- **Goal of the exercise**
Up to and including the line with "doc.units = ezdxf.units.MM", restate every line of the records below word for word, from the first line on, leaving out the pictures.

- **Exercise data**
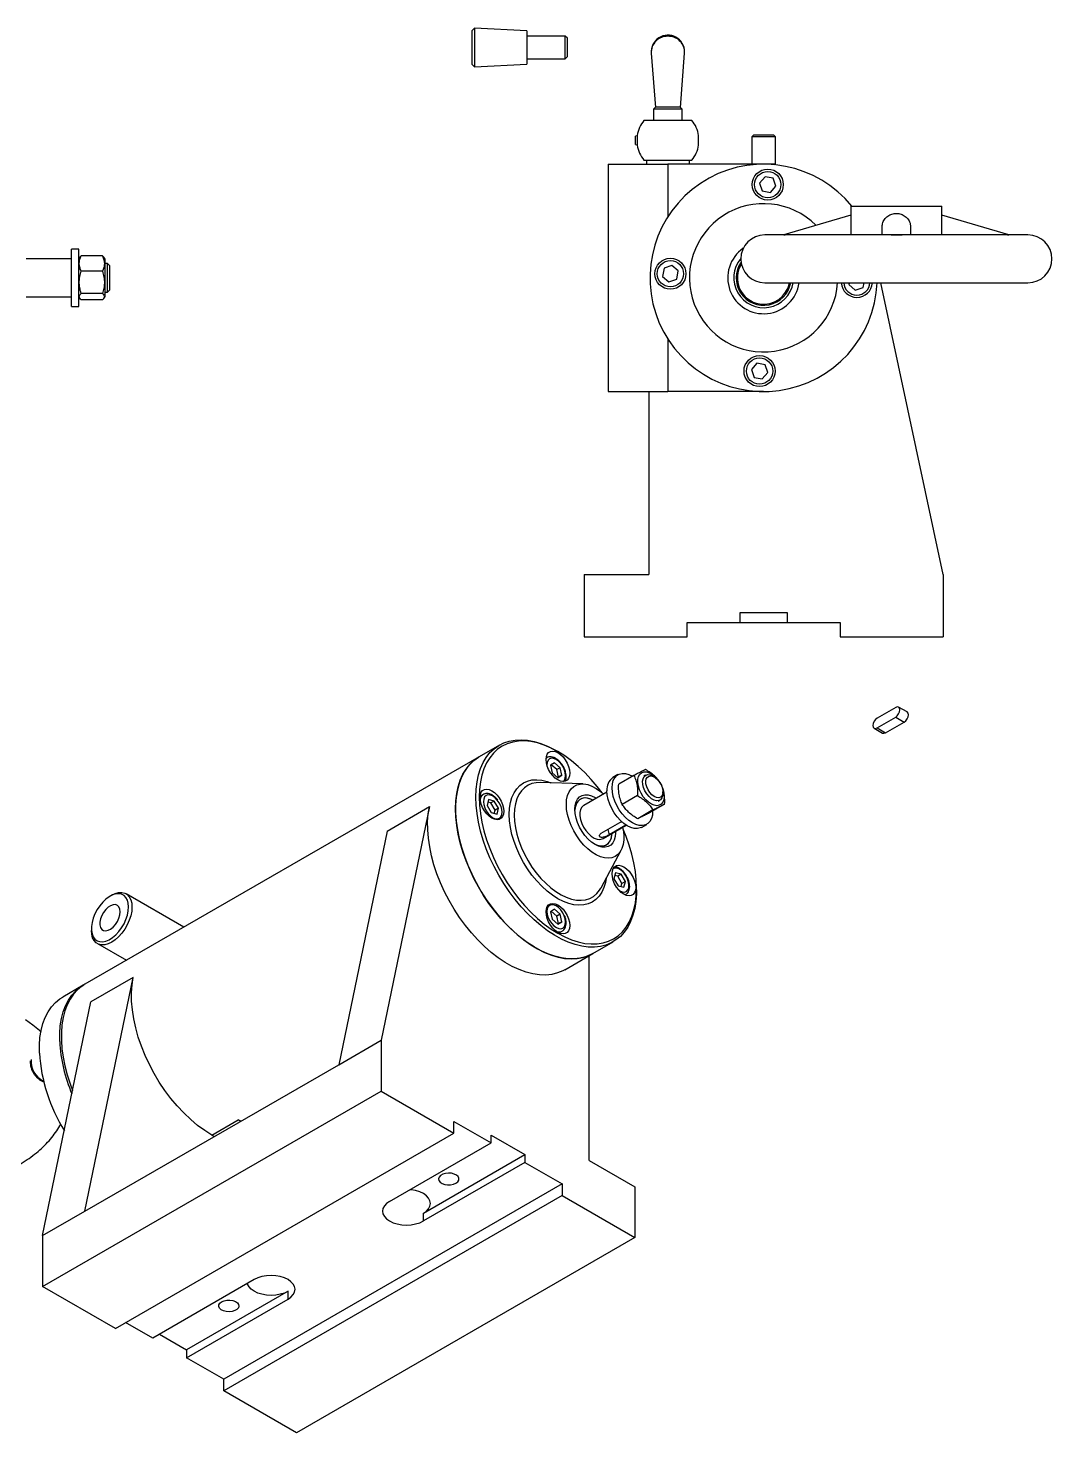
# Model space of a CAD drawing. Header units: millimetres. Extents: x 0 to 1189, y 0 to 841.
# Drawn here: x 615.9 to 829.8, y 183.9 to 477.4 of the extents above; entities that cross this region are included whole.
import ezdxf

# ---------------------------------------------------------------- set-up
doc = ezdxf.new("R2010")
doc.units = ezdxf.units.MM

msp = doc.modelspace()

# ---------------------------------------------------------------- linework, layer by layer
at = {"color": 7, "linetype": 'Continuous', "lineweight": 25}
for p, q in [((709.14, 477.44), (708.67, 476.97)), ((708.67, 469.83), (708.67, 476.97)), ((720.09, 476.9), (709.14, 477.44)), ((709.14, 477.44), (709.14, 469.35)), ((720.09, 476.9), (720.09, 469.9)), ((728.12, 475.78), (720.09, 475.78)), ((728.59, 475.31), (728.12, 475.78)), ((728.12, 473.4), (728.12, 475.78)), ((728.12, 471.02), (728.12, 473.4)), ((728.59, 473.4), (728.59, 475.31)), ((728.59, 471.49), (728.59, 473.4)), ((708.67, 469.83), (709.14, 469.35)), ((709.14, 469.35), (720.09, 469.9)), ((720.09, 471.02), (728.12, 471.02)), ((728.12, 471.02), (728.59, 471.49)), ((746.08, 472.2), (746.95, 460.88)), ((752.19, 460.88), (753.06, 472.2)), ((747.07, 461), (746.57, 460.5)), ((747.07, 461), (749.57, 461)), ((749.57, 461), (752.07, 461)), ((752.57, 460.5), (752.07, 461)), ((754.57, 458.16), (744.57, 458.16)), ((746.57, 460.5), (746.57, 458.16)), ((749.57, 460.5), (746.57, 460.5)), ((752.57, 460.5), (749.57, 460.5)), ((752.57, 458.16), (752.57, 460.5)), ((767.48, 455.1), (767.07, 454.69)), ((771.67, 455.1), (767.48, 455.1)), ((772.07, 454.69), (771.67, 455.1)), ((743.15, 454.96), (742.8, 454.87)), ((742.8, 453.14), (742.8, 454.87)), ((742.8, 453.14), (743.15, 453.04)), ((743.15, 455), (743.15, 453)), ((755.99, 454), (755.99, 455)), ((755.99, 453), (755.99, 454)), ((767.07, 454.69), (767.07, 449.1)), ((772.07, 454.69), (767.07, 454.69)), ((772.07, 449.1), (772.07, 454.69)), ((744.57, 449.85), (749.57, 449.85)), ((745.07, 449.85), (745.07, 449)), ((749.57, 449.85), (754.57, 449.85)), ((754.07, 449), (754.07, 449.85)), ((737.07, 449), (737.07, 401.5)), ((737.07, 449), (749.57, 449)), ((749.57, 449), (749.57, 438.06)), ((769.57, 449), (749.57, 449)), ((767.07, 449.1), (767.17, 449)), ((767.07, 449.1), (771.24, 449.1)), ((769.86, 446.39), (768.71, 445.07)), ((771.57, 446.06), (769.86, 446.39)), ((771.24, 449.1), (772.07, 449.1)), ((771.86, 448.89), (772.07, 449.1)), ((768.71, 445.07), (769.28, 443.41)), ((769.28, 443.41), (771, 443.08)), ((771, 443.08), (772.14, 444.4)), ((772.14, 444.4), (771.57, 446.06)), ((787.8, 438.38), (773.79, 434.26)), ((787.8, 440.22), (787.8, 434.22)), ((787.8, 440.22), (806.8, 440.22)), ((806.8, 434.22), (806.8, 440.22)), ((820.82, 434.26), (806.8, 438.38)), ((794.3, 435.75), (794.3, 434.22)), ((800.3, 434.22), (800.3, 435.75)), ((797.41, 434.22), (769.8, 434.22)), ((824.8, 434.22), (797.41, 434.22)), ((624.95, 429.25), (615.45, 429.25)), ((626.45, 431.25), (624.95, 431.25)), ((624.95, 425.25), (624.95, 431.25)), ((626.45, 425.25), (626.45, 431.25)), ((626.69, 429.55), (626.45, 429.14)), ((626.95, 429.88), (626.68, 429.55)), ((631.45, 429.88), (626.95, 429.88)), ((631.71, 429.55), (631.45, 429.88)), ((631.95, 429.14), (631.71, 429.55)), ((631.95, 421.37), (631.95, 429.14)), ((631.45, 426.63), (626.95, 426.63)), ((632.47, 428.25), (631.95, 428.25)), ((632.95, 427.78), (632.47, 428.25)), ((632.47, 422.25), (632.47, 428.25)), ((632.95, 422.73), (632.95, 427.78)), ((748.77, 427.25), (748.44, 425.54)), ((750.42, 427.83), (748.77, 427.25)), ((751.74, 426.68), (750.42, 427.83)), ((751.41, 424.96), (751.74, 426.68)), ((624.95, 419.25), (624.95, 425.25)), ((626.45, 419.25), (626.45, 425.25)), ((748.44, 425.54), (749.76, 424.39)), ((749.76, 424.39), (751.41, 424.96)), ((769.8, 424.22), (824.8, 424.22)), ((787.48, 424.22), (787.4, 423.83)), ((787.4, 423.83), (788.72, 422.68)), ((788.72, 422.68), (790.37, 423.25)), ((790.37, 423.25), (790.56, 424.22)), ((807.07, 363.25), (794.07, 424.22)), ((615.45, 421.25), (624.95, 421.25)), ((626.45, 421.37), (626.69, 420.95)), ((631.45, 422), (626.95, 422)), ((631.45, 420.63), (626.95, 420.63)), ((631.71, 420.95), (631.95, 421.37)), ((631.95, 422.25), (632.47, 422.25)), ((632.47, 422.25), (632.95, 422.73)), ((624.95, 419.25), (626.45, 419.25)), ((749.57, 412.44), (749.57, 401.5)), ((768.15, 407.43), (767, 406.1)), ((767, 406.1), (767.57, 404.45)), ((769.86, 407.09), (768.15, 407.43)), ((769.29, 404.12), (770.43, 405.44)), ((770.43, 405.44), (769.86, 407.09)), ((767.57, 404.45), (769.29, 404.12)), ((737.07, 401.5), (749.57, 401.5)), ((745.57, 401.5), (745.57, 363.25)), ((769.57, 401.5), (749.57, 401.5)), ((732.07, 363.25), (732.07, 350.25)), ((732.07, 363.25), (745.57, 363.25)), ((807.07, 363.25), (807.07, 350.25)), ((774.57, 355.25), (764.57, 355.25)), ((764.57, 355.25), (764.57, 353.25)), ((774.57, 353.25), (774.57, 355.25)), ((753.57, 353.25), (764.57, 353.25)), ((753.57, 350.25), (753.57, 353.25)), ((764.57, 353.25), (774.57, 353.25)), ((774.57, 353.25), (785.57, 353.25)), ((785.57, 353.25), (785.57, 350.25)), ((732.07, 350.25), (753.57, 350.25)), ((785.57, 350.25), (807.07, 350.25)), ((797.16, 335.48), (793.27, 333.24)), ((799.55, 334.52), (797.78, 335.54)), ((793.27, 331.2), (797.16, 333.44)), ((795.03, 330.17), (798.92, 332.42)), ((797.16, 333.44), (798.92, 332.42)), ((792.64, 331.13), (794.41, 330.11)), ((793.27, 331.2), (795.03, 330.17)), ((714.35, 327.61), (710.11, 325.16)), ((726.58, 326.23), (726.23, 326.43)), ((710.11, 325.16), (627.73, 277.6)), ((724.25, 324.96), (724.12, 324.88)), ((724.12, 324.87), (724.21, 324.93)), ((724.21, 324.93), (724.25, 324.96)), ((725.89, 323.92), (725.03, 323.39)), ((725.03, 323.39), (725.37, 321.82)), ((726.38, 322.47), (725.2, 323.49)), ((727.09, 322.88), (725.89, 323.92)), ((725.37, 321.82), (726.57, 320.78)), ((727.09, 322.88), (726.38, 322.47)), ((726.72, 320.9), (726.38, 322.47)), ((726.55, 320.8), (726.72, 320.9)), ((726.57, 320.78), (727.43, 321.31)), ((727.43, 321.31), (726.72, 320.9)), ((727.43, 321.31), (727.09, 322.88)), ((728.11, 320.06), (728.25, 320.4)), ((739.14, 321.42), (738.08, 320.81)), ((742.46, 321.25), (739.28, 319.41)), ((744.9, 321.28), (744.53, 321.07)), ((746.73, 320.94), (746.4, 321.13)), ((710.99, 317.3), (710.33, 316.92)), ((731.79, 319.49), (722.92, 319.78)), ((736.84, 317.78), (732.01, 314.99)), ((748.52, 317.46), (748.52, 317.85)), ((699.73, 314.75), (689.64, 265.9)), ((690.89, 309.64), (699.73, 314.75)), ((712.08, 316.2), (711.78, 314.98)), ((711.78, 314.98), (712.67, 313.48)), ((712.56, 315.5), (711.94, 315.65)), ((713.27, 315.91), (712.08, 316.2)), ((713.27, 315.91), (712.56, 315.5)), ((713.45, 313.99), (712.56, 315.5)), ((714.16, 314.4), (713.27, 315.91)), ((714.16, 314.4), (713.45, 313.99)), ((713.86, 313.19), (714.16, 314.4)), ((743.22, 317.03), (740.04, 315.19)), ((748.89, 315.28), (745.71, 313.45)), ((747.53, 315.87), (747.9, 316.08)), ((712.67, 313.48), (713.86, 313.19)), ((713.29, 313.33), (713.45, 313.99)), ((735.62, 309.17), (739.51, 311.41)), ((746.44, 314.05), (743.25, 312.21)), ((690.89, 309.64), (680.8, 260.8)), ((736.01, 308.06), (740.84, 310.86)), ((737.02, 309.97), (737.3, 308.86)), ((740.8, 310.88), (737.3, 308.86)), ((744.08, 310.41), (745.14, 311.03)), ((735.6, 297.8), (739.79, 305.63)), ((738.6, 300.89), (738.3, 299.68)), ((738.3, 299.68), (739.19, 298.17)), ((739.08, 300.19), (738.46, 300.34)), ((739.78, 300.6), (738.6, 300.89)), ((739.78, 300.6), (739.08, 300.19)), ((739.97, 298.69), (739.08, 300.19)), ((740.68, 299.09), (739.78, 300.6)), ((735.55, 297.71), (735.6, 297.8)), ((739.19, 298.17), (740.38, 297.88)), ((739.8, 298.02), (739.97, 298.69)), ((740.68, 299.09), (739.97, 298.69)), ((740.38, 297.88), (740.68, 299.09)), ((743.02, 297.34), (743.02, 297.75)), ((633.35, 296.22), (632.99, 296.01)), ((648.42, 289.54), (636.35, 296.51)), ((740.77, 296.37), (740.62, 296.3)), ((740.63, 296.29), (740.76, 296.37)), ((725.89, 293.3), (725.03, 292.77)), ((725.03, 292.77), (725.37, 291.19)), ((726.38, 291.85), (725.2, 292.87)), ((725.37, 291.19), (726.57, 290.16)), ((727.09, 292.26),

- **Answer below**
# Model space of a CAD drawing. Header units: millimetres. Extents: x 0 to 1189, y 0 to 841.
# Drawn here: x 615.9 to 829.8, y 183.9 to 477.4 of the extents above; entities that cross this region are included whole.
import ezdxf

# ---------------------------------------------------------------- set-up
doc = ezdxf.new("R2010")
doc.units = ezdxf.units.MM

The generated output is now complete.